Very good explanation, one of the best for confused beginners.
This post on EF is very helpful to have a clear idea on what approach to use in your project, and there by substantiate why we want to implement our application using that particular approach, Thanks to Roland Kierkels 🙂
Excellent article. Thanks
Very good ……………..
nice one brother,………….
“So instead of having to drop all database tables every time your change the name of a column this tool just generates a small SQL that will only affect the column name in that table.”
As a developer with a heavy SQL background… this makes me wonder about the article and the understanding of databases. I have never heard of any developer ever dropping all database tables whenever you change the name of a column…. ever. That’s what the “ALTER TABLE” syntax is for. Anyone that drops all tables to rename 1 column has absolutely no understanding of databases.

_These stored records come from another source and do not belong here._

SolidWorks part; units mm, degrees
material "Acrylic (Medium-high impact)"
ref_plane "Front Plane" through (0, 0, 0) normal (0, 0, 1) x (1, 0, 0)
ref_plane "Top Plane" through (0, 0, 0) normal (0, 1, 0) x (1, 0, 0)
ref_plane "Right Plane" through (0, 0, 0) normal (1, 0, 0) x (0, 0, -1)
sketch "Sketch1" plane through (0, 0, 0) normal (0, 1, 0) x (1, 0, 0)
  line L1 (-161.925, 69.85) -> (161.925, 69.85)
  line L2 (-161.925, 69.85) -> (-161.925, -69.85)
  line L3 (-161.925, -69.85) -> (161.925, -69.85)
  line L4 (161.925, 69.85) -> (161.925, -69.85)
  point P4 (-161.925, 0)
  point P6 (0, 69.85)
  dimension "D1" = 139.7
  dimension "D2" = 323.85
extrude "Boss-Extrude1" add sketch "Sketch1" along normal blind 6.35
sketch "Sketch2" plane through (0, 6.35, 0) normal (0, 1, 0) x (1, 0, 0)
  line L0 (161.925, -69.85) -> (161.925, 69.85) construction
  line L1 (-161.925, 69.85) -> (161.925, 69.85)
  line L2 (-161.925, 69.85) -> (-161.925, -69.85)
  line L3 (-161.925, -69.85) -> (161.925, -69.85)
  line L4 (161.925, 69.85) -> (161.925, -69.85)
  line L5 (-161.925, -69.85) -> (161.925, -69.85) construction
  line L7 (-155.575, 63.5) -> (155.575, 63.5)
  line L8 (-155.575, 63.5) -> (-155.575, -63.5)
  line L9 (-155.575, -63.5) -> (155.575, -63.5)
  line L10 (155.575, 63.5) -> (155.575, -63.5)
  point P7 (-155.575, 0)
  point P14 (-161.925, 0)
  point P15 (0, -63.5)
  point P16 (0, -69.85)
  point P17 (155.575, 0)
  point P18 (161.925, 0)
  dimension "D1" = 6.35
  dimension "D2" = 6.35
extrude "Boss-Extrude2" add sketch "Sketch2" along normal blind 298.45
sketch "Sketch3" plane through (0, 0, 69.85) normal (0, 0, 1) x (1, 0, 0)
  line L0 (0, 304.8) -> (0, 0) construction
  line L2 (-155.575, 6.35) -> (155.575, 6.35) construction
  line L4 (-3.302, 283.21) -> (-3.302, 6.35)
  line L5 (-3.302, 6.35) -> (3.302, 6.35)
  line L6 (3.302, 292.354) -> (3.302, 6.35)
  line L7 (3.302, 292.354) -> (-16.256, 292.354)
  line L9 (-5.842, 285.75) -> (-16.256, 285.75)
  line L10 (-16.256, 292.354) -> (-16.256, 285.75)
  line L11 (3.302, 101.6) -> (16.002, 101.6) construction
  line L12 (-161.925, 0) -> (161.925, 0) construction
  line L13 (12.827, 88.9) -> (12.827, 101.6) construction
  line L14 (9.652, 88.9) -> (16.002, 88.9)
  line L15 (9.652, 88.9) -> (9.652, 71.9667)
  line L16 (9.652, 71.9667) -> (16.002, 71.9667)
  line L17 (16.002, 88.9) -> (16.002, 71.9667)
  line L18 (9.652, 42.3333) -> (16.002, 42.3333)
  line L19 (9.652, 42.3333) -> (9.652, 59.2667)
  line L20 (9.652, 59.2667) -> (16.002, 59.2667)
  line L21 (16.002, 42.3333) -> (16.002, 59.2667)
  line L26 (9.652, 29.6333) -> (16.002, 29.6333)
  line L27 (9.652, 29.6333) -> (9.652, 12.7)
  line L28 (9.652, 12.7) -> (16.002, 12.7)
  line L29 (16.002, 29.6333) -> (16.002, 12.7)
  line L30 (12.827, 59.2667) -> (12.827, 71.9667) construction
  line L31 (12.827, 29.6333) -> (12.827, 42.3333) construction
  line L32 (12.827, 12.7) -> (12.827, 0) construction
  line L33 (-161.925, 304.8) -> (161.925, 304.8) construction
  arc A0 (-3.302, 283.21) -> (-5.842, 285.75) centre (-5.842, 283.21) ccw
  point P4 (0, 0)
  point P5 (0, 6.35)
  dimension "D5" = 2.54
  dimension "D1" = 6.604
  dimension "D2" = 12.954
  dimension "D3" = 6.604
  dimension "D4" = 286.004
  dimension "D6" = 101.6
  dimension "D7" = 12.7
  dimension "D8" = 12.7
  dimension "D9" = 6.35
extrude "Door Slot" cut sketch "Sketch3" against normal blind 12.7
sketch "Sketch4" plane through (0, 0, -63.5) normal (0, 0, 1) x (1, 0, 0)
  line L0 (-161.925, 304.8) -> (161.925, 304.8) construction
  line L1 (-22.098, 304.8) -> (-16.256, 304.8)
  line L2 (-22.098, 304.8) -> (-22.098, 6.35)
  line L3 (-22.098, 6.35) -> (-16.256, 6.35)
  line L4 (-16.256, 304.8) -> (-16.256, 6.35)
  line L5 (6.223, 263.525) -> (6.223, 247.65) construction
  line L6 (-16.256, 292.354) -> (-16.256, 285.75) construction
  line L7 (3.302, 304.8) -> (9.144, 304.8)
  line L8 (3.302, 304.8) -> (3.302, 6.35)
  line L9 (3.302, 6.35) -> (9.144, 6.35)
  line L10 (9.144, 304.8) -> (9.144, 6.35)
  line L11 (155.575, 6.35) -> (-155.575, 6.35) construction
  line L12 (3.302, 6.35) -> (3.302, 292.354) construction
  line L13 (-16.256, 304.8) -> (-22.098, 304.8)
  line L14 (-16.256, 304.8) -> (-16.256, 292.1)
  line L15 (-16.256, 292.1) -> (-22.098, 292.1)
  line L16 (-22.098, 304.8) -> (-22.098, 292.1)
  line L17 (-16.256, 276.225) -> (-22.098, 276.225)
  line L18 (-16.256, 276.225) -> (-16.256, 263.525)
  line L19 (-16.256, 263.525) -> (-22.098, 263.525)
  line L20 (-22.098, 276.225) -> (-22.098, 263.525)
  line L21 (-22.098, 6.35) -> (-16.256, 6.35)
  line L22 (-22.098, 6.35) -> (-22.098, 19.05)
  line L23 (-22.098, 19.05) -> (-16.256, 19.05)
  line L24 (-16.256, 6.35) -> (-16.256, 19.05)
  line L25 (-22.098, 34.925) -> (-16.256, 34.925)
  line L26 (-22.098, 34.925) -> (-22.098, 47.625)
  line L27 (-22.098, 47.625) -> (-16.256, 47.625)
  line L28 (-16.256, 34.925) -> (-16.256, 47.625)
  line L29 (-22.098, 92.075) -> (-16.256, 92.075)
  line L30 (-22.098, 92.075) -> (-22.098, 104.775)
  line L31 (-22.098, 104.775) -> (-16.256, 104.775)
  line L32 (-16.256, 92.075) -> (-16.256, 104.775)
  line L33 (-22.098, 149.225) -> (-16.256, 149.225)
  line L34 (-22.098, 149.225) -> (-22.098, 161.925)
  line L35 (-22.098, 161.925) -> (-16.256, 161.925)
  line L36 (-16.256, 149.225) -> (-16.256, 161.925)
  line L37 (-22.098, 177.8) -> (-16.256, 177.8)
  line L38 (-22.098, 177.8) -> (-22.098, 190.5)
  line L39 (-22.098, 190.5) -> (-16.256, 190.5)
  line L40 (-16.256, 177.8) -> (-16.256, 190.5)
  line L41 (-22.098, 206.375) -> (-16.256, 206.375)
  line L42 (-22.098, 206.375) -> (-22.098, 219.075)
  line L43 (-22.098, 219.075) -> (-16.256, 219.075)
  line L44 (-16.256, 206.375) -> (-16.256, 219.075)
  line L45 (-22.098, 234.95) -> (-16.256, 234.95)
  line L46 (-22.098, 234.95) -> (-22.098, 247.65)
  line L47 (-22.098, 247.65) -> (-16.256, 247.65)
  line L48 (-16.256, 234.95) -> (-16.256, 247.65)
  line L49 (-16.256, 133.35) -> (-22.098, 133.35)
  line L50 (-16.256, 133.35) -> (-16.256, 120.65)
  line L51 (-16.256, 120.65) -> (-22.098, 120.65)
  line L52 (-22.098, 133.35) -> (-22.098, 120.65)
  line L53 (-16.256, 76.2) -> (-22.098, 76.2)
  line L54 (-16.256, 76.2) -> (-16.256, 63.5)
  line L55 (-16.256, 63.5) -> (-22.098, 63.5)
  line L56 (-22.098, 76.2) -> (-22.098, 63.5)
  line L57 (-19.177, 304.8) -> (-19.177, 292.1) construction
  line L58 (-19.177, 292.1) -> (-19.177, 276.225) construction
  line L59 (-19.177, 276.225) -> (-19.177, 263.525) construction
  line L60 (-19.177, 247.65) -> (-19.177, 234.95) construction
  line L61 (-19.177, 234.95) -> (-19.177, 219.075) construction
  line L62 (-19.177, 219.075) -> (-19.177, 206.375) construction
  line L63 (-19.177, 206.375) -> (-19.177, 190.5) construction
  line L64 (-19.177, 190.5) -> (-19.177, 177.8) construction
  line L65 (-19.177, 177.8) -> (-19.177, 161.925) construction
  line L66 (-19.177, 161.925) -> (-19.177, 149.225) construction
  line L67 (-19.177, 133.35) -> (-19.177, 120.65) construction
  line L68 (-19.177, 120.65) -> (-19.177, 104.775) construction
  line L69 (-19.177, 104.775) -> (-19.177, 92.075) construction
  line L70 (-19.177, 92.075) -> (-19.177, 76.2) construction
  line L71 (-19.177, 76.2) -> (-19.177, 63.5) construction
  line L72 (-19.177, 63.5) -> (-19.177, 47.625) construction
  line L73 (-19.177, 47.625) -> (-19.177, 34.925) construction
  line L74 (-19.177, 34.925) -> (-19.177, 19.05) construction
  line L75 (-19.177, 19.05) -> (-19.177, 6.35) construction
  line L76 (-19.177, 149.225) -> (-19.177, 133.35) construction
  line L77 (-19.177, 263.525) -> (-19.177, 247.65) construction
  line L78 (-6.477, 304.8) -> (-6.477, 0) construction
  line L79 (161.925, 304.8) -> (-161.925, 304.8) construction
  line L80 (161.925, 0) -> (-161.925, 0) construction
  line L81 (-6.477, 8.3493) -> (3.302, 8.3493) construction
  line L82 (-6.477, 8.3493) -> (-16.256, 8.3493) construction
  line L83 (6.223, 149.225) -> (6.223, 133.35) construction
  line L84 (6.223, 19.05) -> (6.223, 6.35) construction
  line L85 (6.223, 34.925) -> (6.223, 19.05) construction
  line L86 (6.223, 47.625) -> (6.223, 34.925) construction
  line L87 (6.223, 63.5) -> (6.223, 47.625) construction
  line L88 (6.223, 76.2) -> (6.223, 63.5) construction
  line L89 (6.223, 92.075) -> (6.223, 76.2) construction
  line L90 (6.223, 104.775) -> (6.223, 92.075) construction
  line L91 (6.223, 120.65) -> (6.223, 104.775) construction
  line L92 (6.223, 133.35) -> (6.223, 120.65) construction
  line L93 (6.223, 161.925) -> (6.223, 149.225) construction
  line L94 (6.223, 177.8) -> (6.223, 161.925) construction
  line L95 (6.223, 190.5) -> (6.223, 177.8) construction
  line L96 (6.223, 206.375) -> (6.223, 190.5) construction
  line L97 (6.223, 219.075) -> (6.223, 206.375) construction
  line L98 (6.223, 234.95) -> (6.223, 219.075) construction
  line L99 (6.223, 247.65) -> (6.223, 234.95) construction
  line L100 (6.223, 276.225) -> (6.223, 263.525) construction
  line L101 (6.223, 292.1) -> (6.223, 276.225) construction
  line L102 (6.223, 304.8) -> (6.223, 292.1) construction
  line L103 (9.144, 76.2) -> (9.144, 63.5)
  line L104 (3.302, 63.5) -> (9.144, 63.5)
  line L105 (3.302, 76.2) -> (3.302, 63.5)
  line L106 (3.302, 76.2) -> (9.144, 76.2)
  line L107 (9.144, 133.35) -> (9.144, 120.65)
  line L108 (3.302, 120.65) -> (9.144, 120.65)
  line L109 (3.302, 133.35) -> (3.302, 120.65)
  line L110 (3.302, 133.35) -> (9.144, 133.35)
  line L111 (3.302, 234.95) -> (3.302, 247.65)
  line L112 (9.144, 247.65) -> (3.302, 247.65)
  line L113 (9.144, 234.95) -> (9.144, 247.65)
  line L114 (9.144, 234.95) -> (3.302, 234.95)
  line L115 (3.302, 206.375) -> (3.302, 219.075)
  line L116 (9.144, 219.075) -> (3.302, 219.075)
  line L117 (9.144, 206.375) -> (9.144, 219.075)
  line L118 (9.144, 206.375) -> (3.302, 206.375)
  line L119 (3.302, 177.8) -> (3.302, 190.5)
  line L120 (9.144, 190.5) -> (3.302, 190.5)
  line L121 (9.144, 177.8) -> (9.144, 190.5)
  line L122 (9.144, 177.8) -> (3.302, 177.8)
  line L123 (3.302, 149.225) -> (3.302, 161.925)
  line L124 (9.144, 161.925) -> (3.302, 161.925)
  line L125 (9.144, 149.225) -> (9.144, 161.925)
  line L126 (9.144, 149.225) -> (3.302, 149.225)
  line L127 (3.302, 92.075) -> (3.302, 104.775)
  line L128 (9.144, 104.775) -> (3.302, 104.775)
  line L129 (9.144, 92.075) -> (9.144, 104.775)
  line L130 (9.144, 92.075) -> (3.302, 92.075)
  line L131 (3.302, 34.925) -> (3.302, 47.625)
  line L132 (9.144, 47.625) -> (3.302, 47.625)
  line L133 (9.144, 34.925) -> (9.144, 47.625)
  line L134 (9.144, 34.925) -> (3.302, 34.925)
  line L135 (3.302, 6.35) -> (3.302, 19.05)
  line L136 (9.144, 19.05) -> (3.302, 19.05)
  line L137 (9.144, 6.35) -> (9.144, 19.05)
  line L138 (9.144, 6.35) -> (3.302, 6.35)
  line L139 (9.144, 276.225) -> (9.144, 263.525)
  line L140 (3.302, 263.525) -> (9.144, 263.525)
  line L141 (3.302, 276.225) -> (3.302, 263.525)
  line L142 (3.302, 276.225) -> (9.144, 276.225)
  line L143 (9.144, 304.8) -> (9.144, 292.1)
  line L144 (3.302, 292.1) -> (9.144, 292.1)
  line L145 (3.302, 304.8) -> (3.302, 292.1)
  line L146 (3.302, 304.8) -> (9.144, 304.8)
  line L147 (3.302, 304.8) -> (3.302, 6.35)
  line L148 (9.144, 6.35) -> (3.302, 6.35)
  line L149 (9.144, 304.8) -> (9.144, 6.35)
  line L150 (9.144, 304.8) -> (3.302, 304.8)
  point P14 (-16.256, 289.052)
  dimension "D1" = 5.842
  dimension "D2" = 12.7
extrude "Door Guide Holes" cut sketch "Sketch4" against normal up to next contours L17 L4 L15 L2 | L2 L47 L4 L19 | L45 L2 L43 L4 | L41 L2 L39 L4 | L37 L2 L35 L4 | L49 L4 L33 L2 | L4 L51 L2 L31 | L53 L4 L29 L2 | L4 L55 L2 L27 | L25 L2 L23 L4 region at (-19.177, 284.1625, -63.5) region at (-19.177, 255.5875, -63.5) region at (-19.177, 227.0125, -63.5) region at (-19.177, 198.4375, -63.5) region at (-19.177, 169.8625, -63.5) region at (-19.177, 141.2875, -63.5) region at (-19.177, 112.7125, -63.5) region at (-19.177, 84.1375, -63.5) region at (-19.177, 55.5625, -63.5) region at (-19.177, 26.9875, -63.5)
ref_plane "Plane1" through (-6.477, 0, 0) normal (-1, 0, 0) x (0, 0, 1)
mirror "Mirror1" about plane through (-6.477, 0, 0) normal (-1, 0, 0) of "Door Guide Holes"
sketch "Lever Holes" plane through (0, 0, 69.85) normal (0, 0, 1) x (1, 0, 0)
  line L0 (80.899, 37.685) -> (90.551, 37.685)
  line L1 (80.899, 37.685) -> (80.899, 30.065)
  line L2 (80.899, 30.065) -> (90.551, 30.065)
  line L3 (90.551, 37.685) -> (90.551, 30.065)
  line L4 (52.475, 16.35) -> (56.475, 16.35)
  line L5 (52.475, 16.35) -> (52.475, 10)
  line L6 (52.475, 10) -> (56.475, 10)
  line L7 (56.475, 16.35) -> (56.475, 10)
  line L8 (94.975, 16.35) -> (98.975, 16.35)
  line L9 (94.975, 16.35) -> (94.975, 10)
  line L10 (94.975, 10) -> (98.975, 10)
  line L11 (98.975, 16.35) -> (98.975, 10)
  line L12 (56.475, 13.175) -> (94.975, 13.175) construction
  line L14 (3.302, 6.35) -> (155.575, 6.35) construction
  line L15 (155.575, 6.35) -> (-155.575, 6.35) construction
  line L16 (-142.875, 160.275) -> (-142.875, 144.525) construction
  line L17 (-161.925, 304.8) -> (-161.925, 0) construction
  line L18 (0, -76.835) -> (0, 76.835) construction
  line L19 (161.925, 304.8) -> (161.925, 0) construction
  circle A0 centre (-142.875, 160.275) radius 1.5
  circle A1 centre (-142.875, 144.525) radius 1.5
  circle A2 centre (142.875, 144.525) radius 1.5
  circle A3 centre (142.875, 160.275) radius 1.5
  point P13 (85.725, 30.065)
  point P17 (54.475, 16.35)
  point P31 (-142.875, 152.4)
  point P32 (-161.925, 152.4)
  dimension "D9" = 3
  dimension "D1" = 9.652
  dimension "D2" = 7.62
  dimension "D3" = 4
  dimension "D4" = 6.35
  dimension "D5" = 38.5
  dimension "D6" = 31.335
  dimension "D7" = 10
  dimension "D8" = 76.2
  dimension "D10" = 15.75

Having come from a background where DBAs look after the database and Devs look after the code, apps etc.
All the above methods make me shudder and can be dangerous. EF makes change a db too easy, which in some cases might be fine but in all the environments I have worked in the dbs are used in systems like a data warehouse, MI, reporting tools etc and not exclusive to a MVC web app. Changing of a db this way would give our DBAs kittens and could be catastrophic to the business !
Very nice post. Thank you!
Firs, thank you for this article. It does a nice job of explaining the three options in EF.
That being said, and based on over 20 years of SQL Server experience and 15 years of .NET experience and Microsoft certification in both, I concur with those above who think EF is a dangerous tool with great potential for doing damage to DBs and making it difficult to optimize DBs for best performance.